Warn me before you start cracking jokes


When I was a senior in high school, I went through an extracurricular British English textbook called New Concept English (I am translating the title back into English from its Chinese title. So this may not be its original English title. I think the book is from the UK.). I couldn’t remember all details of a particular article, but the central thesis of it is that sometimes people from different cultures do not get each other’s jokes. I think that article used an English, a German, and a Russian as an example.

In some cases, that is true. But each person is different. For a guy with no sense of humor like me, when people start cracking jokes, I have a hard time getting it.

So I devised a clear way to get Western humor. I have solemnly asked my better half to give me a warning before she throws out her wisecracking wit, so I can prepare my super brain for the onslaught of laughter.

But sometimes I don’t get it even after a warning. One time she saw my confused look, then she retorted back: “This is really sad. Not only do I need to warn you, I also need to explain it to you?!”

PS. My memory is right. It looks like New Concept English was/is popular, especially in China. A google full string search got 59000 records back.


4 responses to “Warn me before you start cracking jokes”

  1. Its original name is exactly New Concept English, and L.Alexander the author.

    Liu Yutang once said that a humor can be gotten by a man with a sense of it, never by someone without any sense of it, even if the latter is punished by 十下手板:)

  2. Ouch, that would hurt!

    Lin Yutang is one of my favorite Chinese and English authors. Thanks pheonixd!

  3. I had more than one language professor (both Japanese and French) tell me that the most difficult thing in mastering a language is humor. I got my undergraduate degree in philosophy as well, and humor is a bizarre, philosophic concept — what makes something funny?

    Consider the inverse — how many English speaking individuals that know Mandarin (that is the prevalent dialect in the mainland, is it not?), can crack a joke in Mandarin, or much less understand it? You’ve hit on the key to truly mastering a language. I can only dream of one day mastering humor in Japanese or Mandarin (French I have a pretty good feel for, but then again, there isn’t much humor in France 🙂 ).

    Great posting, you’re hitting on the basic problem between cultures — language isn’t just an issue of translation, but understanding. And what’s harder to understand than humor?

    BTW pheonixd, I love the quote from Liu Yutang — I’m going to have to explore that writer further.

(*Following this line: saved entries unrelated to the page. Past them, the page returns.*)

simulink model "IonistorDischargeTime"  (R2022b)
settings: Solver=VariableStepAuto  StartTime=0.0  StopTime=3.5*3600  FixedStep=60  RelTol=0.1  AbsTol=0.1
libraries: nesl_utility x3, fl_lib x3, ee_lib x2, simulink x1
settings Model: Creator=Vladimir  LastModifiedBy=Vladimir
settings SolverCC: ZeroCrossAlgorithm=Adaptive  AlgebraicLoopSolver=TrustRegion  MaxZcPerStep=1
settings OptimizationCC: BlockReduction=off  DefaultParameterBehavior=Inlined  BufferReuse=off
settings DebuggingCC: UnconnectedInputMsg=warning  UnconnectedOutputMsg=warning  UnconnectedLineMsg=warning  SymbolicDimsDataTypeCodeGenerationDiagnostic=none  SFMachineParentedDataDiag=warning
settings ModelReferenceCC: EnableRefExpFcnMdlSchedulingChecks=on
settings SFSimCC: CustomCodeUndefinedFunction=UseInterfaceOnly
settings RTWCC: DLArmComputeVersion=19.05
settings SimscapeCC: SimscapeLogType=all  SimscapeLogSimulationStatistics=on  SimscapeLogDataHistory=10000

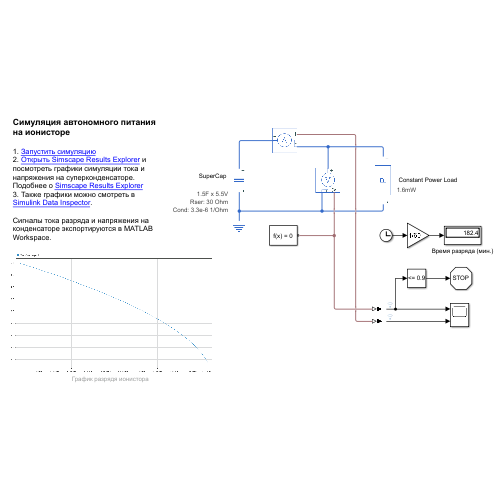
[thumbnail: Simulink's stored preview of the top-level diagram]
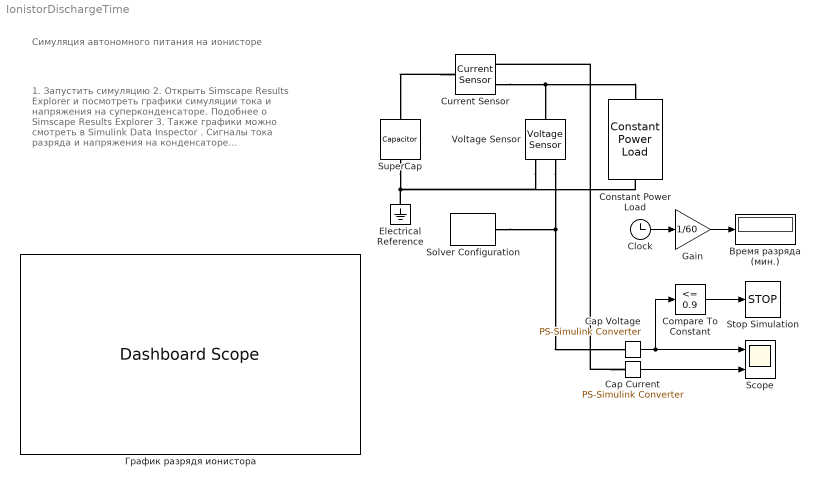
== system IonistorDischargeTime ==
  note: 1. Запустить симуляцию
      | 2. Открыть Simscape Results Explorer и посмотреть графики симуляции тока и напряжения на суперконденсаторе. Подобнее о Simscape Results Explorer
      | 3. Также графики можно смотреть в Simulink Data Inspector .
      |
      | Сигналы тока разряда и напряжения на конденсаторе экспортируются в MATLAB Workspace.
  note: Симуляция автономного питания на ионисторе
  Cap Current : nesl_utility/PS-Simulink Converter  PhysicalDomain=network_engine_domain  SubClassName=ps_output  LeftPortType=input  RightPortType=output  PseudoPeriodic=off  Frequencies=[]  VectorFormat=inherit  Unit=inherit  AffineConversion=off
  Cap Voltage : nesl_utility/PS-Simulink Converter  PhysicalDomain=network_engine_domain  SubClassName=ps_output  LeftPortType=input  RightPortType=output  PseudoPeriodic=off  Frequencies=[]  VectorFormat=inherit  Unit=inherit  AffineConversion=off
  Clock : Clock
  Compare To Constant : simulink/Logic and Bit Operations/Compare To Constant  relop=<=  const=0.9  OutDataTypeStr=boolean
  Constant Power Load : ee_lib/Passive/Constant Power Load  load_type=ee.enum.dc_ac.dc  consumed_power=1.6 mW  min_supply_voltage=0.8 V  G_reverse=1e-6 S  deltaV=1e-3 V  active_power=500 W  reactive_power=0 A*V  f0=60 Hz  Vrms_min=200 V  enable_fault=simscape.enum.onoff.off  fault_action=simscape.enum.assert.action.none  t_fault=1 s  open_conductance=1e-4 S
      settings: AttributesFormatString=%<consumed_power>%<consumed_power_unit>  InternalSimscapePortConfiguration="{\"Bottom\":[],\"Left\":[{\"id\":\"p\",\"label\":\"+\",\"type\":\"foundation.electrical.electrical\"}],\"Right\":[{\"id\":\"n\",\"label\":\"-\",\"type\":\"foundation.electrical.electrical\"}],\"Top\":[]}"
  Current Sensor : fl_lib/Electrical/Electrical Sensors/Current Sensor
  Electrical Reference : fl_lib/Electrical/Electrical Elements/Electrical Reference
  Gain : Gain  Gain=1/60
  Scope : Scope  NumInputPorts=2
  Solver Configuration : nesl_utility/Solver Configuration  PhysicalDomain=network_engine_domain  SubClassName=solver  LeftPortType=input  RightPortType=generic  Tones=[]  Harmonics=[]  SimulateNoise=off  Profile=off  UseLocalSampling=off  EnableSwitchedLinearOptims=on  FrequencyDomain=off  UseCCode=off  RelTol=0.001  AbsTol=1e-06  MinStep=1e-09  ToWorkspace=off  RevertToSquareIcSolve=off  NumHomotopyIterations=100  PhasorMode=off  PhasorModeNumHarmonics=1  ConsistencySolver=NEWTON_XTOL_AFTER_FTOL  IndexReductionMethod=DerivativeReplacement  DoDC=off  ResidualTolerance=1e-09  ConsistencyTolSource=GLOBAL  ConsistencyAbsTol=0.001  ConsistencyRelTol=0.001  ConsistencyTolFactor=0.1  UseLocalSolver=off  LocalSolverChoice=NE_BACKWARD_EULER_ADVANCER  ResolveIndetEquations=on  FunctionEvalNumThread=1  LocalSolverSampleTime=0.001  DoFixedCost=off  MaxNonlinIter=3  MaxModeIter=2  ComputeImpulses=off  ImpulseIterations=2  LinearAlgebra=auto  LinearAlgebraNumThread=0  EquationFormulation=NE_TIME_EF  DelaysMemoryBudget=1096  AutomaticFiltering=on  FilteringTimeConstant=0.1  PartitionStorageMethod=AS_NEEDED  PartitionMemoryBudget=1024  PartitionMethod=ROBUST
  Stop Simulation : Stop
  "SuperCap " : ee_lib/Passive/Capacitor  cap_option=0  c=1.5 F  Cvec=[1e-05, 1e-06] F  Vvec=[0, 10] V  CV_table_symmetry=1  f_vec=[1, 10] kHz  DFext_vec=[.8, 1.2]  enable_C_tol=0  C_tol=5  tol_distribution=1  nSigma=4  r=30 Ohm  g=3.3e-6 1/Ohm  averaging_period=0 s  enable_operating_limits=0  operating_limit_action=2  max_working_voltage_range=[-25, 25] V  power_rating=1 W  enable_faults=0  fault_action=1  Cscale_faulted=100  R_faulted=1e-3 Ohm  G_faulted=0 1/Ohm  tau_fault=1e-3 s  enable_temporal_fault=0  t_fault=1 s  enable_behavioral_fault=0  max_permissible_voltage_range=[-100, 100] V  t_fail_on_voltage=1 s  i_specify=off  i_priority=None  i=0 A  i_nominal_specify=on  i_nominal_unit=mA  i_nominal_value=350  v_specify=off  v_priority=High  v=2.7 V  v_nominal_specify=off  v_nominal_unit=V  v_nominal_value=1  vc_specify=on  vc_priority=High  vc=5 V  vc_nominal_specify=on  vc_nominal_unit=V  vc_nominal_value=5.5
      settings: LogSimulationData=on
      settings: AttributesFormatString=|
      | %<c>%<c_unit> x %<vc_nominal_value>%<vc_nominal_unit>
      | Rser: %<r> %<r_unit>
      | Cond: %<g> %<g_unit>
  Voltage Sensor : fl_lib/Electrical/Electrical Sensors/Voltage Sensor
  Время разряда (мин.) : Display
  График разрядя ионистора : DashboardScope  Ymin=0
  wires:
  Cap Voltage/1 -> Compare To Constant/1, Scope/1
  Compare To Constant/1 -> Stop Simulation/1
  Gain/1 -> Время разряда (мин.)/1
  Clock/1 -> Gain/1
  Cap Current/1 -> Scope/2
  connections:
  Electrical Reference/LConn1 -- Constant Power Load/RConn1 -- Voltage Sensor/RConn2 -- "SuperCap "/RConn1
  Current Sensor/RConn2 -- Voltage Sensor/LConn1 -- Constant Power Load/LConn1
  Voltage Sensor/RConn1 -- Cap Voltage/LConn1 -- Solver Configuration/RConn1
  Current Sensor/LConn1 -- "SuperCap "/LConn1
  Cap Current/LConn1 -- Current Sensor/RConn1

  4. Thanks for the comment James!

    Lin Yutang’s The Importance of Living was a best seller in the late 1930s in the US. He was a rare talent that can write very eloquently in both English and Chinese, although sometimes people say that his English writing is meandering and long-winded. But it is full of wisdom and interesting observations nontheless.

    Frank McCourt, in his Angela’s Ashes, wrote about his reading of Lin Yutang’s works when he was growing up in Limerick, Ireland. Lin’s work was considered somewhat immoral by Limerick nuns at the time.